The first incident I’ll never forget. I bought my aged Cocker Spaniel Guinness with me when I made Aliyah. Like many Cockers, Guinness had suffered from ear infections and assorted ear problems his whole life. As the vet explained, Cocker Spaniels have long ear flaps which prevent air from circulating. In that dark, warm, moist atmosphere in the inner ear, bacteria flourish.

I started preparing Guinness’ ears about six months before I knew I’d leave – we went through any number of antibiotics pills, liquids and ear treatments. At one point, the vet even removed a few of poor Guinness’ back teeth, because he thought they might be contributing to the ear problem.

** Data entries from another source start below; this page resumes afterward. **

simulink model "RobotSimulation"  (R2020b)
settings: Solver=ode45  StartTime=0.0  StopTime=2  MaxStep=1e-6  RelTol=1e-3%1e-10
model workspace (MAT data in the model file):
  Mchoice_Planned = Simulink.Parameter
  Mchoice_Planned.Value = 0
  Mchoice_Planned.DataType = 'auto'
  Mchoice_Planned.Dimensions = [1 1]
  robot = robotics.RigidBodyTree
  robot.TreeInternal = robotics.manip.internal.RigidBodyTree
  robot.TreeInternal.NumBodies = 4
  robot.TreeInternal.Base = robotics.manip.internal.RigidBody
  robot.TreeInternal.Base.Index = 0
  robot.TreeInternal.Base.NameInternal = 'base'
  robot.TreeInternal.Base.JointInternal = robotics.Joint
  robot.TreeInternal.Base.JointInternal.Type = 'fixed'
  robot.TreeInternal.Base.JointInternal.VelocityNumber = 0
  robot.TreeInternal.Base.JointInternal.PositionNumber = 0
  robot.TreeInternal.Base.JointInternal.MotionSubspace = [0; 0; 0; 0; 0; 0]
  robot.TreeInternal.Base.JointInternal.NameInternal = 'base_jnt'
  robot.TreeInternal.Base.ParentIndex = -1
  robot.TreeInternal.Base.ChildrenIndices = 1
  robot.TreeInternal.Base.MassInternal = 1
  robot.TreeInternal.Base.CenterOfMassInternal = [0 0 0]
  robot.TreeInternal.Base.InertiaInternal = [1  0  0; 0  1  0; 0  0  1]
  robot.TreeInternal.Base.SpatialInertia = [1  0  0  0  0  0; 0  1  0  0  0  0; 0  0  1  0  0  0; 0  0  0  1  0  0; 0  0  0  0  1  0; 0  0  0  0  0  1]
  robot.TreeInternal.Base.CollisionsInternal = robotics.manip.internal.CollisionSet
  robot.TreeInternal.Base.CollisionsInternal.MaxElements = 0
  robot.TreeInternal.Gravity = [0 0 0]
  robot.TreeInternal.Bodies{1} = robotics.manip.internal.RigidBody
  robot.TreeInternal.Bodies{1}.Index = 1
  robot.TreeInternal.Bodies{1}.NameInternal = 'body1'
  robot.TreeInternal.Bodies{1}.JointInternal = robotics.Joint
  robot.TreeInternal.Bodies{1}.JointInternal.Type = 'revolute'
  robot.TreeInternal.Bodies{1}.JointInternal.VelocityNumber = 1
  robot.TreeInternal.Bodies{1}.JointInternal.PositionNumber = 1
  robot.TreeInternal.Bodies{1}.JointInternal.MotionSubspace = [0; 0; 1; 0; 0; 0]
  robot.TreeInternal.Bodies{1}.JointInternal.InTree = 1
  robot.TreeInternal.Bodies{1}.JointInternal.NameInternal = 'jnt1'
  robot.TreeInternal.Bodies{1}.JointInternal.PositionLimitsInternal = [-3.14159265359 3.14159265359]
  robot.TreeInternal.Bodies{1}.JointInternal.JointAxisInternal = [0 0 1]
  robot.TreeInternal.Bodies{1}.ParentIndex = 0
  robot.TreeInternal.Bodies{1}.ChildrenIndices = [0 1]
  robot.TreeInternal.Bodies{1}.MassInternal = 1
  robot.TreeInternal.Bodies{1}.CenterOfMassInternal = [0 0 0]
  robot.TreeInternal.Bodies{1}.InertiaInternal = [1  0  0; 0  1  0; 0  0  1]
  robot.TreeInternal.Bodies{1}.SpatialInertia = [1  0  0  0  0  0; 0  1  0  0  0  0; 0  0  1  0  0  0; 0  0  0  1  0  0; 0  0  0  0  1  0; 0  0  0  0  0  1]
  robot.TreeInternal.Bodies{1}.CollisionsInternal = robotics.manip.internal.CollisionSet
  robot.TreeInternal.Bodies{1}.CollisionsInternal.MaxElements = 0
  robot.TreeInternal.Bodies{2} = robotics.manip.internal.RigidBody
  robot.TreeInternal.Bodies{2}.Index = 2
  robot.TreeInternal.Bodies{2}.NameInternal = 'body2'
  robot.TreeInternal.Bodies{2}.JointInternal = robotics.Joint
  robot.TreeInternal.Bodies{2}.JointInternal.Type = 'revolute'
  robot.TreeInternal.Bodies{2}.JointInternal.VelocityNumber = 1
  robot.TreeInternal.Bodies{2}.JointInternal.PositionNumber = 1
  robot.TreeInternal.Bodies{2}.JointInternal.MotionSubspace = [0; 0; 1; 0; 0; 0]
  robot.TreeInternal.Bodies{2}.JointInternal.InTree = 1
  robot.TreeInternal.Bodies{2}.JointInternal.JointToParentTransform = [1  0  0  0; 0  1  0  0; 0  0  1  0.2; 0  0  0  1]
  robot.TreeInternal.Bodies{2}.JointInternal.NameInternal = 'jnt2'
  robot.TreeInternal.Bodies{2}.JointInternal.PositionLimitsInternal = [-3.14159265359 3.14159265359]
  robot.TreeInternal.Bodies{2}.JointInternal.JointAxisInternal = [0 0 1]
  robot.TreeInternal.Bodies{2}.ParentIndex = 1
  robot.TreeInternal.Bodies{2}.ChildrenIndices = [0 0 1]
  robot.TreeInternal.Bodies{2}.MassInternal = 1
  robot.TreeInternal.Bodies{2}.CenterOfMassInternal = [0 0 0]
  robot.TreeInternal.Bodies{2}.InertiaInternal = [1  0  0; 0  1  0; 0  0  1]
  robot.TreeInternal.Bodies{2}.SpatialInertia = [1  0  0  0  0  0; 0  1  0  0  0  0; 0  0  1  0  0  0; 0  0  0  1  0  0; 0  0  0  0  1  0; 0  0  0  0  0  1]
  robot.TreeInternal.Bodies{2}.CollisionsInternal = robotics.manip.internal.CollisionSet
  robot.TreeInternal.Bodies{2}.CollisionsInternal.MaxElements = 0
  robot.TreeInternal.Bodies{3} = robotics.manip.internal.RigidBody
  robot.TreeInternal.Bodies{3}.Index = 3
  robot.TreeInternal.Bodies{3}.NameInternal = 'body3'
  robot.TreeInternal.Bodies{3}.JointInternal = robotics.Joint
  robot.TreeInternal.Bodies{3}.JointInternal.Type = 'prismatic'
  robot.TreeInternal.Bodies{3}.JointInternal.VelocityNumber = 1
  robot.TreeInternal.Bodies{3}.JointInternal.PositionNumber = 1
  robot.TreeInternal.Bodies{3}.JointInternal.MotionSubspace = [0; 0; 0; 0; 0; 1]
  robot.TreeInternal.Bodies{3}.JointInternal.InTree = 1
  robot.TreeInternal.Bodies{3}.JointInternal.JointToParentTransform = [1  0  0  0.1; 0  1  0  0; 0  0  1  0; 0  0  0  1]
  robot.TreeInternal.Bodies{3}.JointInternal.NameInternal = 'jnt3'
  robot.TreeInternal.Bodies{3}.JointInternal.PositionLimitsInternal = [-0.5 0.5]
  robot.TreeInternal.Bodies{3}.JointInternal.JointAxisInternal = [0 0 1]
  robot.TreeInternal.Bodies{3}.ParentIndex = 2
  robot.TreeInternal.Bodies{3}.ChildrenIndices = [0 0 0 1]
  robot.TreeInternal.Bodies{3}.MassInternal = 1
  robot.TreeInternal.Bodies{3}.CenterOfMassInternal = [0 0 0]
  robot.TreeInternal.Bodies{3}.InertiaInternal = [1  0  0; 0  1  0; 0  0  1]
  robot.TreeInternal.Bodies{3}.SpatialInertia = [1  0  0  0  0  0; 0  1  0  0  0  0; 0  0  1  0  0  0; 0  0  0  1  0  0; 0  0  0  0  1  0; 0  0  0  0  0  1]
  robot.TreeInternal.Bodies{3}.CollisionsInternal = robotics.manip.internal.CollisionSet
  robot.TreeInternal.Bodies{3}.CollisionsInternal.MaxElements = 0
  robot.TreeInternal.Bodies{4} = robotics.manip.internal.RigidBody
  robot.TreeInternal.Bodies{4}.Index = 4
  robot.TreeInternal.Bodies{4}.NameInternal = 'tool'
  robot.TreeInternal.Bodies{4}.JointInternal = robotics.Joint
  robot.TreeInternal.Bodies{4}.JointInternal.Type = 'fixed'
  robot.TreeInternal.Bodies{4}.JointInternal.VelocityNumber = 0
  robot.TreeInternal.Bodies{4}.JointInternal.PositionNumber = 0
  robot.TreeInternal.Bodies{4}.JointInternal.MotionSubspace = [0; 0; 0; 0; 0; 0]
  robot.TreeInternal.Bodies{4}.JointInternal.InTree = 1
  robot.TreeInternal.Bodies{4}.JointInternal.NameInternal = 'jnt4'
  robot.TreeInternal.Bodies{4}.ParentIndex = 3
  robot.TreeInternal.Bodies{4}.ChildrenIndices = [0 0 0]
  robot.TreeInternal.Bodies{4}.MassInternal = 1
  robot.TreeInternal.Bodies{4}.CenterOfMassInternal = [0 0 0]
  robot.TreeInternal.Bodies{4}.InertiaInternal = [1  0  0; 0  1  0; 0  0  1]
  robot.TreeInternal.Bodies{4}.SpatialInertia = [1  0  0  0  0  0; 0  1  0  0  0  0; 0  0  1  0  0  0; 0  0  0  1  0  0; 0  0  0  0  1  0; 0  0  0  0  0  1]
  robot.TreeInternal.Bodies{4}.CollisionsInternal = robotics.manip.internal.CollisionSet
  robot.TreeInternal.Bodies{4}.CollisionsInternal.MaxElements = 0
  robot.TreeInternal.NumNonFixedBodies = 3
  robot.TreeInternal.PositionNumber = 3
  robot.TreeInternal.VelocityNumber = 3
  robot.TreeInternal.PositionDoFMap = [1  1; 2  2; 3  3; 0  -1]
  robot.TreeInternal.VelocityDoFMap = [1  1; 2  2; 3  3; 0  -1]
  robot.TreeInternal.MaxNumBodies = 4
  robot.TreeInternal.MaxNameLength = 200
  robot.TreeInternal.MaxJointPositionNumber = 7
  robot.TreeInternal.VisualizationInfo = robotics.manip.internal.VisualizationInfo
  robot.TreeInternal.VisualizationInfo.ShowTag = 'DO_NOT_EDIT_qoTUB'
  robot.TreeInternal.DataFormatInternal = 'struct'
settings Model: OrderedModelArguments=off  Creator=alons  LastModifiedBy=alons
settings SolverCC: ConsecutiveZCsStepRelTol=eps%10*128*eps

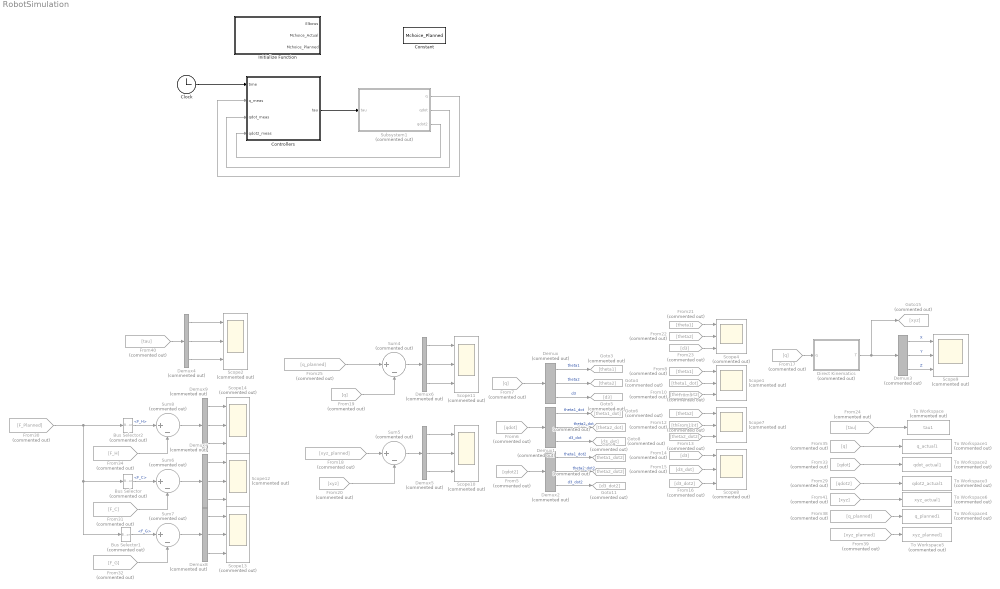
== system RobotSimulation ==
  Bus Selector : BusSelector  Commented=on  OutputSignals=F_C
  Bus Selector1 : BusSelector  Commented=on  OutputSignals=F_G
  Bus Selector2 : BusSelector  Commented=on  OutputSignals=F_H
  Clock : Clock
  Constant : Constant  Value=Mchoice_Planned
  Controllers : Subsystem  TreatAsAtomicUnit=on
      mask Display: disp('Controller')
  Demux{,1..9} (10 alike) : Demux  Commented=on  Outputs=3
  Direct Kinematics : MATLAB Function  Commented=on  TreatAsAtomicUnit=on
  From10 : From  Commented=on  GotoTag=theta1_dot2
  From11 : From  Commented=on  GotoTag=theta2
  From12 : From  Commented=on  GotoTag=theta2_dot
  From13 : From  Commented=on  GotoTag=theta2_dot2
  From14 : From  Commented=on  GotoTag=d3
  From15 : From  Commented=on  GotoTag=d3_dot
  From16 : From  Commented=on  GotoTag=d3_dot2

Guinness was a perfect little trooper through the whole thing – quite a dog. He put up with the discomfort and I spent a small fortune, but finally Guinness was ready to fly -- without problems, the vet said.




At our last visit, he gave me a stack of papers to take to a vet in Israel. “Get him to a vet right away,” he said. “If they can monitor him closely there, he shouldn’t have any more problems.”

So I did. My first week here, I found a vet who had an office very close to where I was living. Nice doctor – good office. Dr. Barnea, for those of you who live here. I can’t recommend him highly enough.

But on one of our first visits, I saw one of Dr. Barnea’s assistants, a woman who was just out of veterinary school. She hadn’t seen Guinness before, so I was explaining some of the ear problems he’d had. I was lucky to be able to do that in English, because I hadn’t even started ulpan, Hebrew school, yet.

Her English was pretty good, but as I was telling her about the ear infections, she stopped me cold. “Those kinds of ear problems we treat differently in Israel,” she said. “We just cut off the ears.”

WHAT? I couldn’t believe what I’d heard. You’re going to cut off my dog’s ears?? I know I went pale, and I remember sinking into that chair they keep there for clients, when they explain that the cost of the procedure your pet needs is roughly about equal to two months’ salary.

“You want to cut off my dog’s ears??” I finally stammered.

“Sure. It’s not a big deal,” she said, with that brash Israeli confidence. “We just cut the ears off, and then the air can get in there.”

It was getting worse and worse. I was trying to picture my poor sweet Cocker Spaniel without ears. It didn’t take me more than another second to say, “Oh, no. We’re not cutting off his ears!”

“Look, it’s nothing,” she insisted. “He’s under anesthetic, and we just go in and scrape them out.”

“Wait a minute – what are you saying? You scrape out the ears?”

As it turned out – to my enormous relief – she was recommending some procedure whereby they surgically cleaned out the ears and straightened some of the ear canals. Simplistically speaking, she was confusing the words “out” and “off” – she meant, we “clean out” the ears, not that they “cut them off”.

Whew. She had me going there for a minute. “What did I say?” she finally asked. I was still shaking, but I tried to explain the difference. Not until I got home was I able to laugh about it.

Another funny one happened just the other day. I was interviewing a woman who’d started her own manufacturing company and was now selling her product – designer tote bags for babies – all around the world. She was explaining how she got her first New York contract.

“I went overboard to see the president of the company,” she said, while my mind raced to wonder what, exactly, she might have done that would constitute “going overboard” to get an appointment with someone.

She didn’t specify what it was, but later on, a pattern emerged. “Now every time I go overboard, I make it a point to see one new executive, someone else I think might be interested,” she said. Then again, “Overboard, they don’t have anything like this at all.”

By then I was starting to get it: she was confusing “overboard” with “overseas”.




That’s better. I was biting my tongue to keep from laughing out loud – of course I was picturing a well-dressed female executive taking a dive off the side of a passenger ship.

One good thing about living in a country where just about everyone is either an immigrant or the child of an immigrant is that we all fracture everybody else’s language. The only thing you can do is laugh.